With that obstacle out of the way we can decode the Q-Channel subcode as before:

[...]
Track 2.1 R=00:17:45 A=06:32:53
Track 2.1 R=00:17:46 A=06:32:54
Track 2.1 R=00:17:47 A=06:32:55
CRC error
Track 2.1 R=00:17:27 A=06:32:35
Track 2.1 R=00:17:28 A=06:32:36
Track 2.1 R=00:17:29 A=06:32:37
[...]
Track 2.1 R=00:17:45 A=06:32:53
Track 2.1 R=00:17:46 A=06:32:54
Track 2.1 R=00:17:47 A=06:32:55
CRC error
Track 2.1 R=00:17:27 A=06:32:35
Track 2.1 R=00:17:28 A=06:32:36
Track 2.1 R=00:17:29 A=06:32:37
[...]
Track 2.1 R=00:17:45 A=06:32:53
Track 2.1 R=00:17:46 A=06:32:54
Track 2.1 R=00:17:47 A=06:32:55
CRC error
Track 2.1 R=00:17:27 A=06:32:35
Track 2.1 R=00:17:28 A=06:32:36
Track 2.1 R=00:17:29 A=06:32:37

Based on time codes, we can see that the DVD player is indeed reading the same part of the disc multiple times. Suspicion confirmed!

My best guess for why the DVD player isn't reading the disc at the nominal rate is that the signal conditioning and clock recovery circuitry in the SoC can't handle the nominal rate since it also has to process the significantly faster signal from a DVD.

Closing thoughts

Decoding compact disc digital audio from the pickup signal to PCM samples was a really interesting project and was surprisingly easy after getting the clock recovery right and fixing a couple of stupid bugs in the deinterleaver. It's also worth noting that this project only required a digital oscilloscope with half-decent memory depth, a CD player and some basic DSP and bit shuffling knowledge, so I'm wondering why I haven't found much evidence of people having done this before.

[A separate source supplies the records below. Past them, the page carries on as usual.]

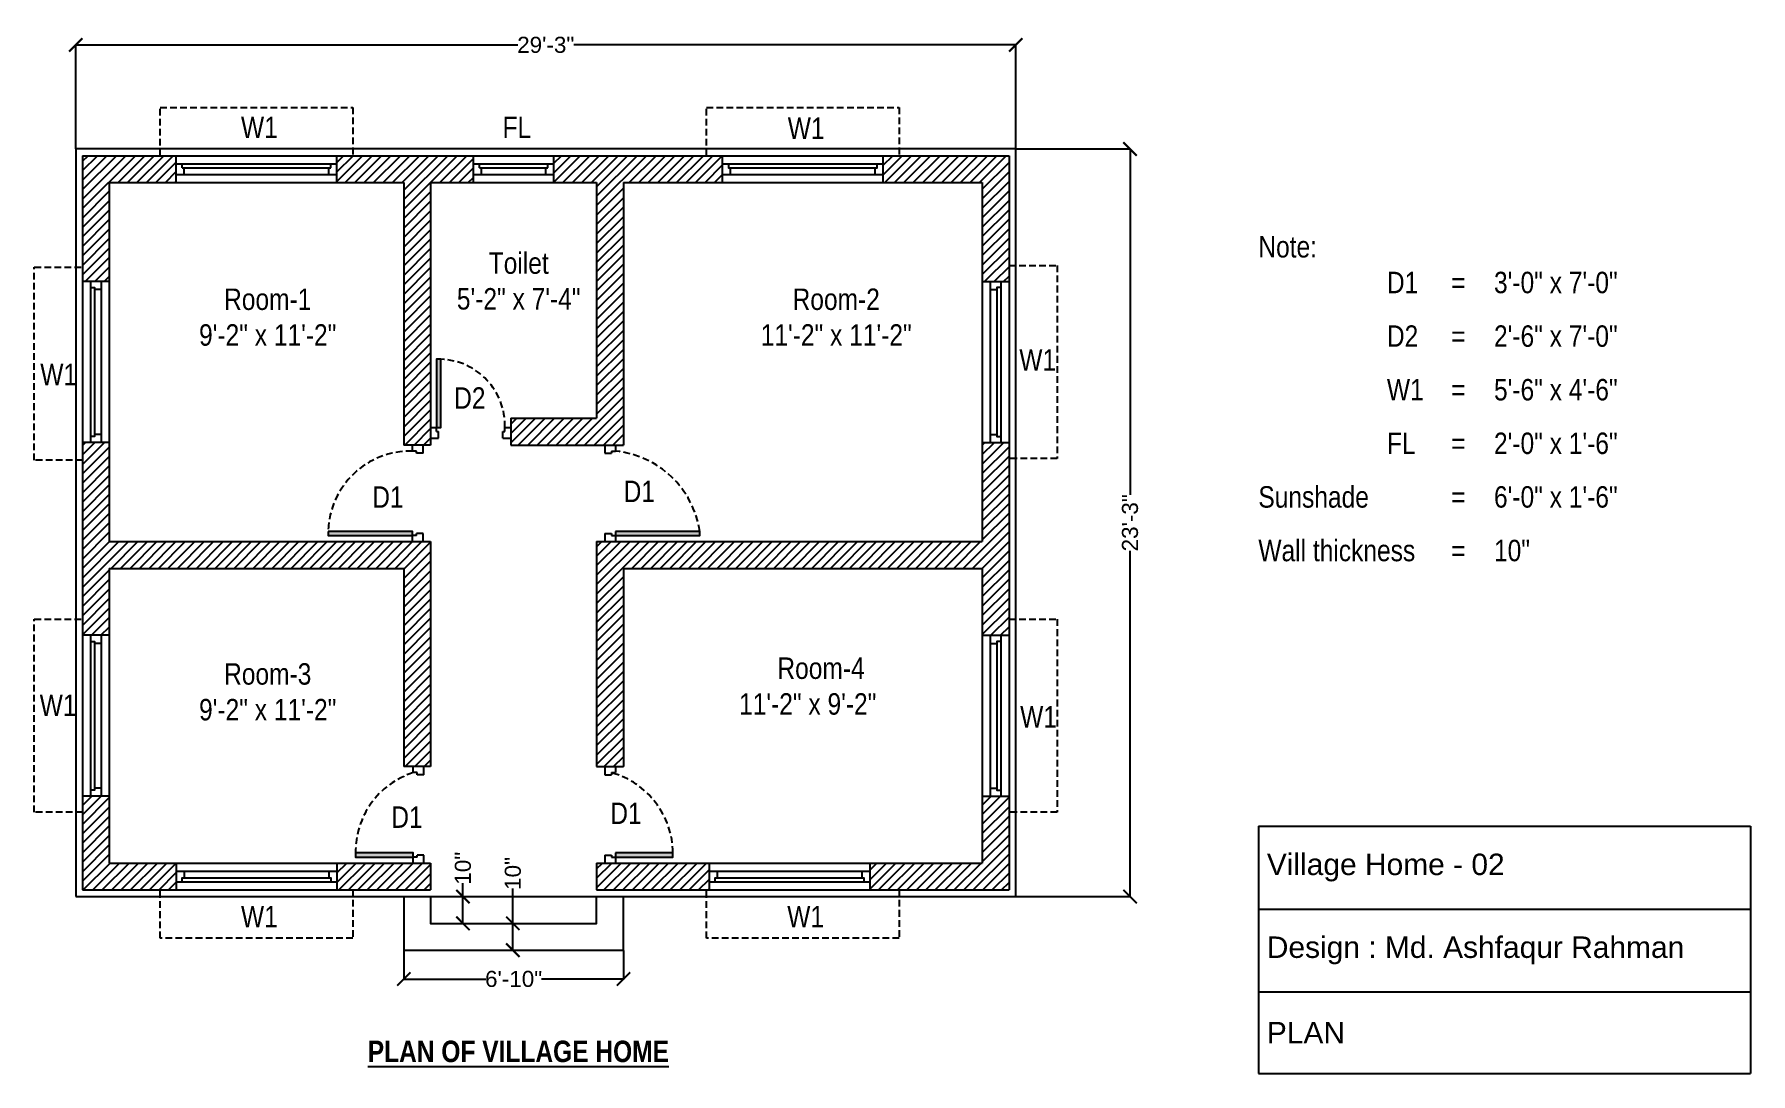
# Model space of a CAD drawing. Header units: inches. Extents: x 326 to 967, y 505 to 893.
import ezdxf

# ---------------------------------------------------------------- set-up
doc = ezdxf.new("R2010")
doc.units = ezdxf.units.IN
doc.header["$MEASUREMENT"] = 0
doc.linetypes.add('HIDDEN', pattern=[0.375, 0.25, -0.125])
doc.layers.add('Layer1', color=7, linetype='HIDDEN')
doc.styles.add('AR', font='ARIALN.TTF', dxfattribs={"height": 8})
doc.styles.get("Standard").update_dxf_attribs({"font": 'arial.ttf'})
doc.dimstyles.new('AR', dxfattribs={"dimtxt": 6, "dimasz": 5, "dimexe": 0.18, "dimexo": 0.0625, "dimgap": 0.09, "dimtad": 0, "dimdec": 3, "dimzin": 0, "dimdsep": 46, "dimlunit": 4, "dimtxsty": 'Standard', "dimblk": 'ARCHTICK', "dimcen": 0.09, "dimadec": 0, "dimazin": 0, "dimtfac": 1, "dimtdec": 3, "dimtofl": 0, "dimtmove": 0, "dimatfit": 3, "dimldrblk": 'ARCHTICK', "dimfxl": 1, "dimtolj": 1, "dimtzin": 0, "dimarcsym": 0})

# ---------------------------------------------------------------- blocks, each defined once
blk = doc.blocks.new('_ArchTick')
at = {"color": 0, "linetype": 'ByBlock', "const_width": 0.15}
blk.add_lwpolyline([(-0.5, -0.5), (0.5, 0.5)], dxfattribs=at)
blk = doc.blocks.new('*D3')
at = {"color": 0, "lineweight": -2, "transparency": 16777216}
for p, q in [((341.29, 850.45), (341.29, 889.41)), ((341.29, 889.23), (506.35, 889.23)), ((692.29, 889.23), (527.24, 889.23)), ((692.29, 850.45), (692.29, 889.41))]:
    blk.add_line(p, q, dxfattribs=at)
at = {"layer": 'Defpoints', "color": 0, "transparency": 16777216}
for p in [(692.29, 889.23), (341.29, 850.39), (692.29, 850.39)]:
    blk.add_point(p, dxfattribs=at)
at = {"color": 0, "lineweight": -2, "transparency": 16777216, "xscale": 5, "yscale": 5, "zscale": 5, "rotation": 180}
blk.add_blockref('_ArchTick', (341.29, 889.23), dxfattribs=at)
at = {"color": 0, "lineweight": -2, "transparency": 16777216, "xscale": 5, "yscale": 5, "zscale": 5}
blk.add_blockref('_ArchTick', (692.29, 889.23), dxfattribs=at)
at = {"color": 0, "transparency": 16777216, "insert": (516.79, 889.23), "char_height": 6, "attachment_point": 5}
blk.add_mtext('\\A1;29\'-3"', dxfattribs=at)
blk = doc.blocks.new('*D4')
at = {"color": 0, "lineweight": -2, "transparency": 16777216}
for p, q in [((692.36, 850.39), (735.18, 850.39)), ((735, 850.39), (735, 721.34)), ((735, 571.39), (735, 700.44)), ((692.36, 571.39), (735.18, 571.39))]:
    blk.add_line(p, q, dxfattribs=at)
at = {"layer": 'Defpoints', "color": 0, "transparency": 16777216}
for p in [(692.29, 850.39), (692.29, 571.39), (735, 571.39)]:
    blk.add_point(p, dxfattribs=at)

One thing that I didn't cover is implementing the Reed-Solomon decoder. That'll has to wait until I've developed a better understanding of Reed-Solomon forward error correction.

Footnotes

  1. While writing this article, a friend of mine pointed me to this post where someone did just that! 2

  2. In the process of implementing the clock recovery, I was scratching my head why I was seeing lots of jitter on the acquired signal. Turns out that Keysight InfiniiVision oscilloscopes by default randomize the the time between samples at low sample rates to prevent aliasing. Turning off the antialiasing option in the display menu indeed fixed the problem. Another thing worth mentioning is that one needs to press the single shot button to get maximum memory depth on this series of oscilloscopes. Just pressing stop only yields half the memory depth.

  3. Only later I discovered that the freely available ECMA-130 Standard for CD-ROM includes a textual representation of the EFM LUT.